Yahoo! Pipes

Tags: yahoo-pipes, rss, scraping

Published on Sunday, May 11th, 2014

This post is migrated from my old blog.

I don’t know if RSS or Atom are still popular or not. I personally use them a lot. Here are some examples of the feeds that I subscribed.

xkcd feed works very well. However, frequently I found that some entries in the Wikipedia feed (Module namespace) are not really code updates. Rather, they are documentation updates or experiments in sandboxes, indicated by their titles ending with /doc or /sandbox. Since I subscribed the feed for the entire Module namespace, these undesirable entries showed up unavoidably.

Yesterday, I thought that it would be good if there is a program that will filter the feed I subscribed. There was no program in Mac that did what I want. However, I finally found Yahoo! Pipes, a web service that solves this problem!

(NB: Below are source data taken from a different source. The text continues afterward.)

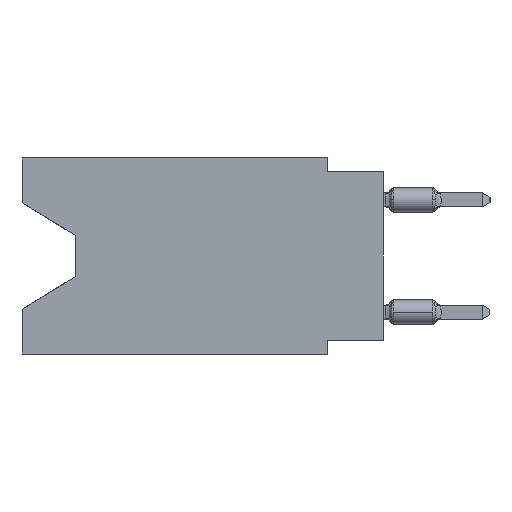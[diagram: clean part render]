
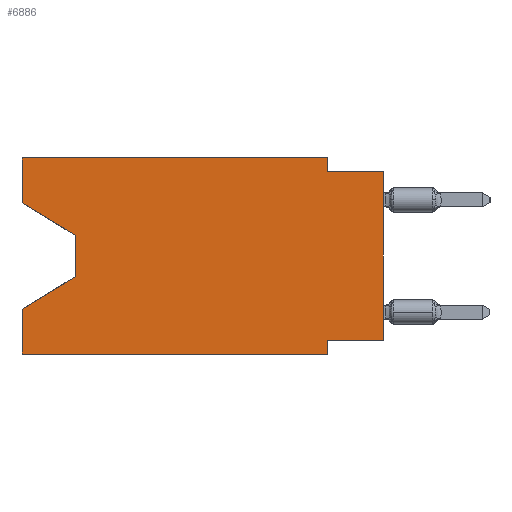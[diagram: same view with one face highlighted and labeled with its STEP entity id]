
A CAD part, left-side view. The second image highlights one B-rep face of the part: STEP entity #6886.
In plain terms, the highlighted planar face has unit normal (-1, 0, 0).
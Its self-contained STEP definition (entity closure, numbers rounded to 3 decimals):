
#280 = CARTESIAN_POINT ( 'NONE',  ( 0., 13.97, -3.505 ) ) ;
#360 = VERTEX_POINT ( 'NONE', #981 ) ;
#505 = EDGE_CURVE ( 'NONE', #10341, #22041, #23897, .T. ) ;
#661 = ORIENTED_EDGE ( 'NONE', *, *, #24576, .T. ) ;
#851 = CARTESIAN_POINT ( 'NONE',  ( 0., 16.383, 0. ) ) ;
#981 = CARTESIAN_POINT ( 'NONE',  ( 0., 2.54, -8.89 ) ) ;
#1131 = VECTOR ( 'NONE', #23060, 1000. ) ;
#1178 = CARTESIAN_POINT ( 'NONE',  ( 0., 0., -8.255 ) ) ;
#1469 = EDGE_CURVE ( 'NONE', #17563, #10341, #14218, .T. ) ;
#2795 = CARTESIAN_POINT ( 'NONE',  ( 0., 16.383, 0. ) ) ;
#2888 = CARTESIAN_POINT ( 'NONE',  ( 0., 0., -0.635 ) ) ;
#3588 = VERTEX_POINT ( 'NONE', #25785 ) ;
#3813 = ORIENTED_EDGE ( 'NONE', *, *, #7348, .F. ) ;
#3944 = VERTEX_POINT ( 'NONE', #11826 ) ;
#3977 = LINE ( 'NONE', #851, #15536 ) ;
#4043 = LINE ( 'NONE', #21785, #13920 ) ;
#4547 = VERTEX_POINT ( 'NONE', #8600 ) ;
#5171 = ORIENTED_EDGE ( 'NONE', *, *, #20019, .F. ) ;
#5397 = EDGE_CURVE ( 'NONE', #3588, #360, #10893, .T. ) ;
#5509 = CARTESIAN_POINT ( 'NONE',  ( 0., 0., -0.635 ) ) ;
#6518 = DIRECTION ( 'NONE',  ( 0., 0., 1. ) ) ;
#6886 = ADVANCED_FACE ( 'NONE', ( #7726 ), #26134, .F. ) ;
#7009 = VECTOR ( 'NONE', #6518, 1000. ) ;
#7301 = LINE ( 'NONE', #15510, #20855 ) ;
#7348 = EDGE_CURVE ( 'NONE', #17956, #3944, #15868, .T. ) ;
#7416 = ORIENTED_EDGE ( 'NONE', *, *, #10655, .F. ) ;
#7726 = FACE_OUTER_BOUND ( 'NONE', #10959, .T. ) ;
#8336 = EDGE_CURVE ( 'NONE', #14602, #360, #7301, .T. ) ;
#8600 = CARTESIAN_POINT ( 'NONE',  ( 0., 2.54, -0.635 ) ) ;
#8618 = ORIENTED_EDGE ( 'NONE', *, *, #22696, .F. ) ;
#8651 = ORIENTED_EDGE ( 'NONE', *, *, #505, .T. ) ;
#8652 = ORIENTED_EDGE ( 'NONE', *, *, #15266, .F. ) ;
#9404 = LINE ( 'NONE', #1178, #21252 ) ;
#10341 = VERTEX_POINT ( 'NONE', #25448 ) ;
#10655 = EDGE_CURVE ( 'NONE', #19009, #14602, #9404, .T. ) ;
#10893 = LINE ( 'NONE', #12490, #1131 ) ;
#10959 = EDGE_LOOP ( 'NONE', ( #661, #14860, #8651, #8652, #23971, #21453, #7416, #16669, #5171, #25583, #3813, #8618 ) ) ;
#11484 = CARTESIAN_POINT ( 'NONE',  ( 0., 16.383, -2.038 ) ) ;
#11639 = DIRECTION ( 'NONE',  ( 0., 0., 1. ) ) ;
#11826 = CARTESIAN_POINT ( 'NONE',  ( 0., 2.54, 0. ) ) ;
#11836 = CARTESIAN_POINT ( 'NONE',  ( 0., 16.383, -2.038 ) ) ;
#12021 = VECTOR ( 'NONE', #12043, 1000. ) ;
#12043 = DIRECTION ( 'NONE',  ( 0., -1., 0. ) ) ;
#12490 = CARTESIAN_POINT ( 'NONE',  ( 0., 16.383, -8.89 ) ) ;
#12681 = EDGE_CURVE ( 'NONE', #19009, #13764, #15460, .T. ) ;
#12993 = DIRECTION ( 'NONE',  ( 0., 1., 0. ) ) ;
#13764 = VERTEX_POINT ( 'NONE', #2888 ) ;
#13920 = VECTOR ( 'NONE', #20312, 1000. ) ;
#13945 = DIRECTION ( 'NONE',  ( 0., -0.855, -0.519 ) ) ;
#14218 = LINE ( 'NONE', #280, #24258 ) ;
#14602 = VERTEX_POINT ( 'NONE', #15133 ) ;
#14860 = ORIENTED_EDGE ( 'NONE', *, *, #1469, .T. ) ;
#15133 = CARTESIAN_POINT ( 'NONE',  ( 0., 2.54, -8.255 ) ) ;
#15266 = EDGE_CURVE ( 'NONE', #3588, #22041, #3977, .T. ) ;
#15460 = LINE ( 'NONE', #25657, #26118 ) ;
#15510 = CARTESIAN_POINT ( 'NONE',  ( 0., 2.54, -8.89 ) ) ;
#15536 = VECTOR ( 'NONE', #16276, 1000. ) ;
#15595 = VECTOR ( 'NONE', #21399, 1000. ) ;
#15821 = CARTESIAN_POINT ( 'NONE',  ( 0., 13.97, -5.385 ) ) ;
#15868 = LINE ( 'NONE', #18132, #12021 ) ;
#16019 = VECTOR ( 'NONE', #19922, 1000. ) ;
#16276 = DIRECTION ( 'NONE',  ( 0., 0., 1. ) ) ;
#16669 = ORIENTED_EDGE ( 'NONE', *, *, #12681, .T. ) ;
#16688 = AXIS2_PLACEMENT_3D ( 'NONE', #25870, #21770, #18067 ) ;
#17563 = VERTEX_POINT ( 'NONE', #23090 ) ;
#17956 = VERTEX_POINT ( 'NONE', #2795 ) ;
#18067 = DIRECTION ( 'NONE',  ( 0., 0., -1. ) ) ;
#18132 = CARTESIAN_POINT ( 'NONE',  ( 0., 16.383, 0. ) ) ;
#19009 = VERTEX_POINT ( 'NONE', #22008 ) ;
#19068 = VECTOR ( 'NONE', #13945, 1000. ) ;
#19922 = DIRECTION ( 'NONE',  ( 0., 0.855, -0.519 ) ) ;
#19962 = VERTEX_POINT ( 'NONE', #11484 ) ;
#20019 = EDGE_CURVE ( 'NONE', #4547, #13764, #23644, .T. ) ;
#20037 = EDGE_CURVE ( 'NONE', #3944, #4547, #4043, .T. ) ;
#20312 = DIRECTION ( 'NONE',  ( 0., 0., -1. ) ) ;
#20855 = VECTOR ( 'NONE', #23591, 1000. ) ;
#21252 = VECTOR ( 'NONE', #12993, 1000. ) ;
#21399 = DIRECTION ( 'NONE',  ( 0., -1., 0. ) ) ;
#21453 = ORIENTED_EDGE ( 'NONE', *, *, #8336, .F. ) ;
#21770 = DIRECTION ( 'NONE',  ( 1., 0., 0. ) ) ;
#21785 = CARTESIAN_POINT ( 'NONE',  ( 0., 2.54, 0. ) ) ;
#22008 = CARTESIAN_POINT ( 'NONE',  ( 0., 0., -8.255 ) ) ;
#22041 = VERTEX_POINT ( 'NONE', #23780 ) ;
#22696 = EDGE_CURVE ( 'NONE', #19962, #17956, #24400, .T. ) ;
#23060 = DIRECTION ( 'NONE',  ( 0., -1., 0. ) ) ;
#23090 = CARTESIAN_POINT ( 'NONE',  ( 0., 13.97, -3.505 ) ) ;
#23591 = DIRECTION ( 'NONE',  ( 0., 0., -1. ) ) ;
#23644 = LINE ( 'NONE', #5509, #15595 ) ;
#23780 = CARTESIAN_POINT ( 'NONE',  ( 0., 16.383, -6.852 ) ) ;
#23868 = LINE ( 'NONE', #11836, #19068 ) ;
#23897 = LINE ( 'NONE', #15821, #16019 ) ;
#23971 = ORIENTED_EDGE ( 'NONE', *, *, #5397, .T. ) ;
#24258 = VECTOR ( 'NONE', #24790, 1000. ) ;
#24400 = LINE ( 'NONE', #24655, #7009 ) ;
#24576 = EDGE_CURVE ( 'NONE', #19962, #17563, #23868, .T. ) ;
#24655 = CARTESIAN_POINT ( 'NONE',  ( 0., 16.383, 0. ) ) ;
#24790 = DIRECTION ( 'NONE',  ( 0., 0., -1. ) ) ;
#25448 = CARTESIAN_POINT ( 'NONE',  ( 0., 13.97, -5.385 ) ) ;
#25583 = ORIENTED_EDGE ( 'NONE', *, *, #20037, .F. ) ;
#25657 = CARTESIAN_POINT ( 'NONE',  ( 0., 0., 0. ) ) ;
#25785 = CARTESIAN_POINT ( 'NONE',  ( 0., 16.383, -8.89 ) ) ;
#25870 = CARTESIAN_POINT ( 'NONE',  ( 0., 16.383, 0. ) ) ;
#26118 = VECTOR ( 'NONE', #11639, 1000. ) ;
#26134 = PLANE ( 'NONE',  #16688 ) ;

Here is a tutorial for Yahoo! Pipes.

Basically, what I did was to retrieve the feed, and then use regex filter to block all entries containing /doc and /sandbox at the end of their title. Finally, I exported the result as another RSS feed from Yahoo Pipes! and use this feed in my feed reader instead of the old one.

Oh, and, Yahoo! Pipes is the only reason why I am using Yahoo! Hopefully the company will not shut this service down in the same way Google usually does, because, if so, ...

Bye-bye Yahoo!

Update on December 26, 2016: Yahoo! shut down Yahoo! Pipes on June 4, 2015. What a shame!